What is the solution to this?
The zero contact rule.
Block him on social media, erase photos of him on your phone and do your best to ignore it. Remember to remind yourself every day that you are wonderful and worthy and are the most fierce human being. You cross oceans of sadness and conquer hell. There is nothing beside that.
Remember that an emotionally immature man will never come back crawling towards you. He is a master of manipulation and he will make you come back to him, with his games of jealousy, making him interesting, bouncing around and remaining friends with you.
The idea is that you only see the best in him and that you miss him terribly. And the worst part of it all? Is that it works. When you are in love, you do not have clear ideas. And he knows it.
Here are 5 things to do when an emotionally immature man keeps bothering you:
1. Tell him it’s over and show him.
Whenever he calls you, show him that you’re not there for him. Whenever he wants to make you jealous, show him that you don’t care.
Pretend that it no longer exists and when it is necessary to recognize its existence, give it a smile worthy of the Cannes Film Festival. Make sure you are out of reach for her toxic games and love.
2. Don’t blame yourself. It’s not your fault.
Nothing is your fault. His inability to commit and to remain loyal has nothing to do with you. You did your best, you worked hard to make this relationship work. But sometimes there is nothing to do. Because to love, you have to be two and you were the only one to love.
And each time he comes back to you, asking you for a second chance or driving you mad with his mental manipulations, remember that you are better than that. Remember that this immature moron is not worth your time.
3. Think of the negative and forget the fake good things.
I went through the same thing as you. Constantly thinking about the good times we shared and the times when he made me feel like the most wonderful woman in the world.
As if I was the only one in his eyes and that the world was at our feet. But the truth is, I never was. I was always alone and we never had a future to share. And it was only when I managed to understand the true nature of our relationship that I was able to move on.
If you are sure that you no longer want him in your life, focus on the negative. Concentrate on all the times you have stayed in front of a black screen, waiting for its message. Focus on all the times he has taken you by boat, the times he has promised you the world and has given you nothing. See him as he is, certainly not the person he claimed to be.
4. Apply the zero contact rule.
When one is involved in a relationship with an emotionally immature man, one finds oneself in a role.

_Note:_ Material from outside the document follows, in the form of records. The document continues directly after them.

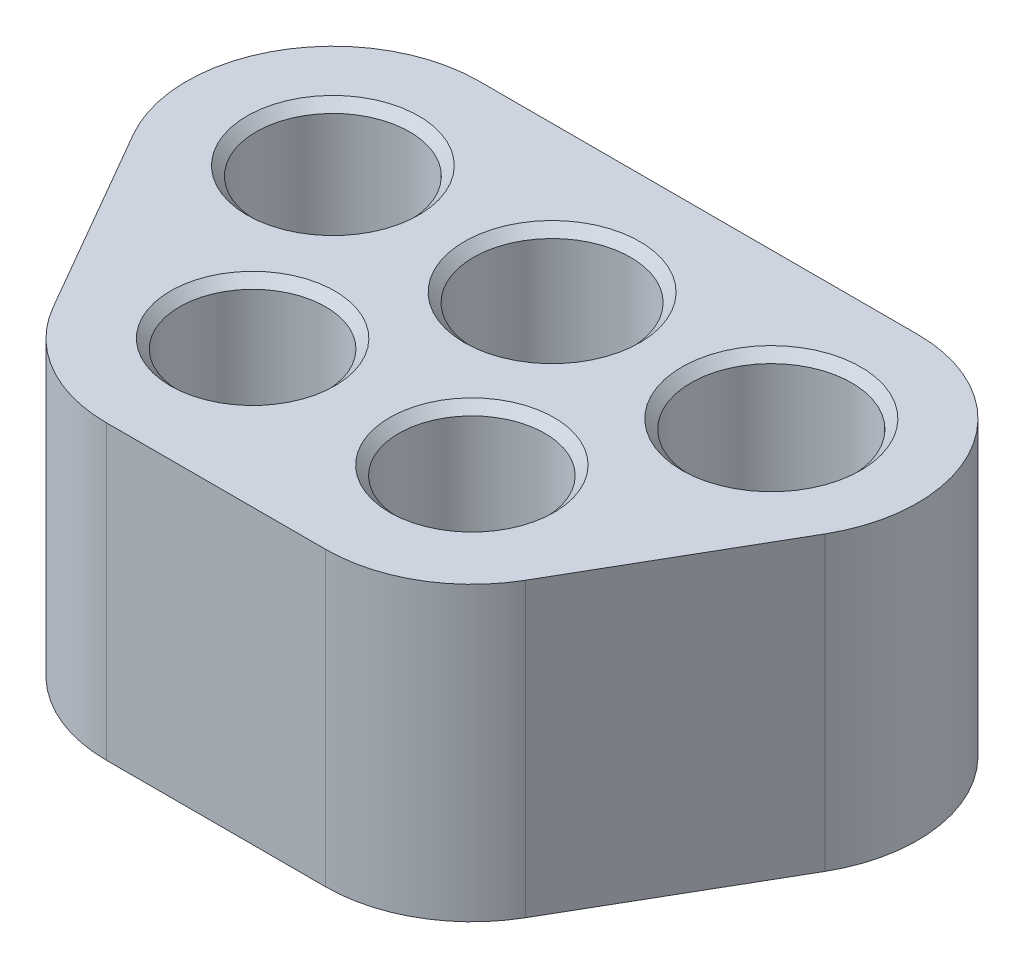
from build123d import *

# Parameters (mm, degrees)
SKETCH1_R           = 2.1
SKETCH1_R_2         = 2.15
SKETCH1_R_3         = 2.2
SKETCH1_R_4         = 2
BOSS_EXTRUDE1_DEPTH = 8
FILLET1_R           = 4
CHAMFER1_SIZE       = 0.25


with BuildPart() as part:
    # Sketch1 → Boss-Extrude1 (new body)
    with BuildSketch(Plane(origin=(0, 0, 0), x_dir=(1, 0, 0), z_dir=(0, 1, 0))):
        Polygon((-6.92820323, 4), (0.690598923, -9.196152423), (11.309401077, -9.196152423), (18.92820323, 4), align=None)
        with Locations(Location((0, 0, 0), (0, 0, 270))):
            Circle(SKETCH1_R, mode=Mode.SUBTRACT)
        with Locations(Location((6, 0, 0), (0, 0, 270))):
            Circle(SKETCH1_R_2, mode=Mode.SUBTRACT)
        with Locations(Location((12, 0, 0), (0, 0, 270))):
            Circle(SKETCH1_R_3, mode=Mode.SUBTRACT)
        with Locations(Location((3, -5.196152423, 0), (0, 0, 270))):
            Circle(SKETCH1_R_4, mode=Mode.SUBTRACT)
        with Locations(Location((9, -5.196152423, 0), (0, 0, 270))):
            Circle(SKETCH1_R_4, mode=Mode.SUBTRACT)
    extrude(amount=BOSS_EXTRUDE1_DEPTH)

    # Fillet1
    fillet1_edges = [part.edges().sort_by_distance(p)[0] for p in [
        (18.92820323, 4, -4),
        (11.309401077, 4, 9.196152423),
        (0.690598923, 4, 9.196152423),
        (-6.92820323, 4, -4),
    ]]
    fillet(fillet1_edges, radius=FILLET1_R)

    # Chamfer1
    chamfer1_edges = [part.edges().sort_by_distance(p)[0] for p in [
        (0, 8, -2.1),
        (6, 8, -2.15),
        (12, 8, -2.2),
        (9, 8, 3.196152423),
        (3, 8, 3.196152423),
    ]]
    chamfer(chamfer1_edges, length=CHAMFER1_SIZE)


solid = part.part

At the beginning, we don’t know who he is and we give him everything, because that’s how we like it.
But later, after seeing it as it was, it is extremely important to change roles. Forget it and don’t run towards it as soon as it calls. I understand, you still love him and you want to help him but you have to help yourself first!
And that’s exactly why the zero contact rule is essential so that you can move forward. It’s the only way to make it clear to him that you’ve moved on and that you don’t care about his little games and manipulations. It is time he found another victim because you are no longer one.
5. Become the woman of high-value.
This wonderful and ferocious woman who does not let anyone take away her value. This woman who stands out, whatever life imposes on her. This woman who has all the cards in her hand and knows how to play them.
Guess what ? You are already this woman. The fact that you fell does not mean that you are no longer her. The fact that you believed and hoped does not mean that you are not fierce and tough.
And the fact that you loved the bad boy does not mean that you are less of a thunderous woman. You may have lost your footing for a second but you know where you are. Don’t let anyone convince you otherwise!